╭──

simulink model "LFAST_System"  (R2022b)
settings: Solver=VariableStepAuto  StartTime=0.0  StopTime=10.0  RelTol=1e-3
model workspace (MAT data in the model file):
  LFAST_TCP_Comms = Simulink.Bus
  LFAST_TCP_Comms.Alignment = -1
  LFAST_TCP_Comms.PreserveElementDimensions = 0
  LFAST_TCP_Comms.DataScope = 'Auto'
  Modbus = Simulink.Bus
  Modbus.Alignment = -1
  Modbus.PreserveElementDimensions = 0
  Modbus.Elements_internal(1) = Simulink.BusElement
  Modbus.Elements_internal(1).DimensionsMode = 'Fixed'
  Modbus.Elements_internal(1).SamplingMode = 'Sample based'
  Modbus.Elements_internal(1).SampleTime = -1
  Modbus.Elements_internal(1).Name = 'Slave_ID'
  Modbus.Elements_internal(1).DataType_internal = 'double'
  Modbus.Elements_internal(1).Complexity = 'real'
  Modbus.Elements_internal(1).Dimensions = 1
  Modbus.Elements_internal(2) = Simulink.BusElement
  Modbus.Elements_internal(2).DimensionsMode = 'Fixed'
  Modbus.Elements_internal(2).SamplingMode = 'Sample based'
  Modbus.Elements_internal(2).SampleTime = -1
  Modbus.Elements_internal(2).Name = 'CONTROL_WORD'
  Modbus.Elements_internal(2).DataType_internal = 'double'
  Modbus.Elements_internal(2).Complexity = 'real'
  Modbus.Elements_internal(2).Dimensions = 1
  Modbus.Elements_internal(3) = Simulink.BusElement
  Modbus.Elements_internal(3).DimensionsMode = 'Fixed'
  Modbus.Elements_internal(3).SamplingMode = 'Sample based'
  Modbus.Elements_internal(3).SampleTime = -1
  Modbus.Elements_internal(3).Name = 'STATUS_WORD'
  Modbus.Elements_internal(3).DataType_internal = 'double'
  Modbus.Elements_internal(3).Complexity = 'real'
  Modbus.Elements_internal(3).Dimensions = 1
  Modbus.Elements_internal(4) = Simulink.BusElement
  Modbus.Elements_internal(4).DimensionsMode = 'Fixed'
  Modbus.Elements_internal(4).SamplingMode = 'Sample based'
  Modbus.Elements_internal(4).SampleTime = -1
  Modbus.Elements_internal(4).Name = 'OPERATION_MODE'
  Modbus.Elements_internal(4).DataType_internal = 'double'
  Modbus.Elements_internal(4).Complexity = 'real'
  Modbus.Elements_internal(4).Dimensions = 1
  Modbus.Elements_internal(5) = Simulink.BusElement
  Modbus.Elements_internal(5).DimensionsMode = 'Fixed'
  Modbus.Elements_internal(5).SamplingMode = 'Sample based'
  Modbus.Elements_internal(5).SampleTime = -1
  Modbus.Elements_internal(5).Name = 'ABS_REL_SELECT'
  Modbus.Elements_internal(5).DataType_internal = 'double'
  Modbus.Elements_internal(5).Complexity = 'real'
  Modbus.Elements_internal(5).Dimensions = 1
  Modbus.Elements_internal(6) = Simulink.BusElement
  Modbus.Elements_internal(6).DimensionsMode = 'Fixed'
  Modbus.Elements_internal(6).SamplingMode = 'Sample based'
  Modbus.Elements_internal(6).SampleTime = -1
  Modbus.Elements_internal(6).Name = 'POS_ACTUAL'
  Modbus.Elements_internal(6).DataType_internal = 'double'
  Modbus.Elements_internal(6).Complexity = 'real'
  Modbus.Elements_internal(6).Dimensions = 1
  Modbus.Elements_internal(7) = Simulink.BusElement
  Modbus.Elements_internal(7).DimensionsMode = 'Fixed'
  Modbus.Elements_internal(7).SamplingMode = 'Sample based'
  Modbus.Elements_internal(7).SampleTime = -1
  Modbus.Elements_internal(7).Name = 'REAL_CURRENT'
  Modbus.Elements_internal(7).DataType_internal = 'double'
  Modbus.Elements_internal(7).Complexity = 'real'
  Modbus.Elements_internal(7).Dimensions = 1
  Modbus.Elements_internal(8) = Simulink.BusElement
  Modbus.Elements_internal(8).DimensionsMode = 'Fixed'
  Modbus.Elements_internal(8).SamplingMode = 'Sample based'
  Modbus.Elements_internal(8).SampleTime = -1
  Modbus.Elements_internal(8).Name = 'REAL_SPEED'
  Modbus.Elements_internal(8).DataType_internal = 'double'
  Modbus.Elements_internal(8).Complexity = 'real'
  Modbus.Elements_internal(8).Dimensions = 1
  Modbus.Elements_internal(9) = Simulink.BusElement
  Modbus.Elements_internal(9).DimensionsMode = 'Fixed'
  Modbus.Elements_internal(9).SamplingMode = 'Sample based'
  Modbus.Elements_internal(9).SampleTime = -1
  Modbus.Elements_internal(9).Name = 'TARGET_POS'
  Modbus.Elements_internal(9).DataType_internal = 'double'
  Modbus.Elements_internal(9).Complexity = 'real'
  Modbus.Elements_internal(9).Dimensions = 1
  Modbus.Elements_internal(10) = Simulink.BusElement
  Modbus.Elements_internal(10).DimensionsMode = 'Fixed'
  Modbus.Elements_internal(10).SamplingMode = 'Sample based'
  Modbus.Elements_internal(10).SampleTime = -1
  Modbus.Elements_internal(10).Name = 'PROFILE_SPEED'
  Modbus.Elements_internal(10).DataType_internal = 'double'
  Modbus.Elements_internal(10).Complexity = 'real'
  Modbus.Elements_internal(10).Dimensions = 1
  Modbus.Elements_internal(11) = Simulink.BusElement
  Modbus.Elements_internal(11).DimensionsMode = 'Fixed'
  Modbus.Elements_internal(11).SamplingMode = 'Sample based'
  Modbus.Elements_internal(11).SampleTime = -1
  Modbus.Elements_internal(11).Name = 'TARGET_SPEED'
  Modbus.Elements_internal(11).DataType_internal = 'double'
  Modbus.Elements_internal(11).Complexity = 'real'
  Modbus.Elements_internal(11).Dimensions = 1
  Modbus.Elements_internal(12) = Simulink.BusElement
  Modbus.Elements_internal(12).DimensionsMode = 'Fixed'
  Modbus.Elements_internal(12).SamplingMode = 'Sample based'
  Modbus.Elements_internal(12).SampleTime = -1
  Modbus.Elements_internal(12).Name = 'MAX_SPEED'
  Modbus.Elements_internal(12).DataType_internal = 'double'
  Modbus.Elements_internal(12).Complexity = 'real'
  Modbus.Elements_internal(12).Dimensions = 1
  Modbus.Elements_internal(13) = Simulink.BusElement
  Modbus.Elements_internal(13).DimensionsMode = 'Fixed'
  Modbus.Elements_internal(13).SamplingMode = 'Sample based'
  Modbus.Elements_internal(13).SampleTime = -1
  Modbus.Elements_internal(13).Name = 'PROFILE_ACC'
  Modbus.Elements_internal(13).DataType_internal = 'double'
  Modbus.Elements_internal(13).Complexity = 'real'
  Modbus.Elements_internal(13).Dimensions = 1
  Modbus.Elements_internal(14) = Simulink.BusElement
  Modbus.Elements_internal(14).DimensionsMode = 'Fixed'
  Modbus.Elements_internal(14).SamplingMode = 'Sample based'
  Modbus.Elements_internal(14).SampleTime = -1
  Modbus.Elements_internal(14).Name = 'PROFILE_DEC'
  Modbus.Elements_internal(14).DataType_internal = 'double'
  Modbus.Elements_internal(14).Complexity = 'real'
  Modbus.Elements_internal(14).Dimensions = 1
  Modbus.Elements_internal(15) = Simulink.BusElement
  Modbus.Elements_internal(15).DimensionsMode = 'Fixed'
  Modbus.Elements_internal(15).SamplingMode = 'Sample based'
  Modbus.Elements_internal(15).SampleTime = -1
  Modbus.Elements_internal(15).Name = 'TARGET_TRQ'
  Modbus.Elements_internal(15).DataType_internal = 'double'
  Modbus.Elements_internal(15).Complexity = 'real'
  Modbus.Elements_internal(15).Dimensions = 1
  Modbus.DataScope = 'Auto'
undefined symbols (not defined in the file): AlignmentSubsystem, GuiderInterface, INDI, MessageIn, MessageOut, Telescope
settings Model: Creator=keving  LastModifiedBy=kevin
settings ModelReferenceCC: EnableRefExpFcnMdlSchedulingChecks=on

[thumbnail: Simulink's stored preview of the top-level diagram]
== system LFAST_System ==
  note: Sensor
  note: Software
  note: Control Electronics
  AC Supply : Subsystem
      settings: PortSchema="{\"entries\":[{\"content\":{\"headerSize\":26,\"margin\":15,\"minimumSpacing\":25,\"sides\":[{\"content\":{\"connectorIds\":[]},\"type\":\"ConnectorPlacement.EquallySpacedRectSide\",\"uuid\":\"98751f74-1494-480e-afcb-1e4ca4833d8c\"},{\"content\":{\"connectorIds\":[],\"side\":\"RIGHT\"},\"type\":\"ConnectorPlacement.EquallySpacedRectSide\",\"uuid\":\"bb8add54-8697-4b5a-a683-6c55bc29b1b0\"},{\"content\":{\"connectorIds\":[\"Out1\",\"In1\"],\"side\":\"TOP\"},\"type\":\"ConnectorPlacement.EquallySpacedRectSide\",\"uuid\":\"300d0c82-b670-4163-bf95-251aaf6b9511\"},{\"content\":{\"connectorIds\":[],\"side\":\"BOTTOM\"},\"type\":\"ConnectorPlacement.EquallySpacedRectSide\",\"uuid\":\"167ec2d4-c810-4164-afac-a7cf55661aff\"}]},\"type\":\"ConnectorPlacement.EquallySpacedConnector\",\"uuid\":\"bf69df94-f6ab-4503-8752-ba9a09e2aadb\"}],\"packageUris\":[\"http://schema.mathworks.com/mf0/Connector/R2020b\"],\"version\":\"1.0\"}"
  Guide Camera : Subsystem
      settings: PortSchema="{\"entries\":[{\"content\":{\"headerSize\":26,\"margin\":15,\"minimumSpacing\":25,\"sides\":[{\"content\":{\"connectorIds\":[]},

╰──

The required output is each line of the entries that contains the word "PreserveElementDimensions".

  LFAST_TCP_Comms.PreserveElementDimensions = 0
  Modbus.PreserveElementDimensions = 0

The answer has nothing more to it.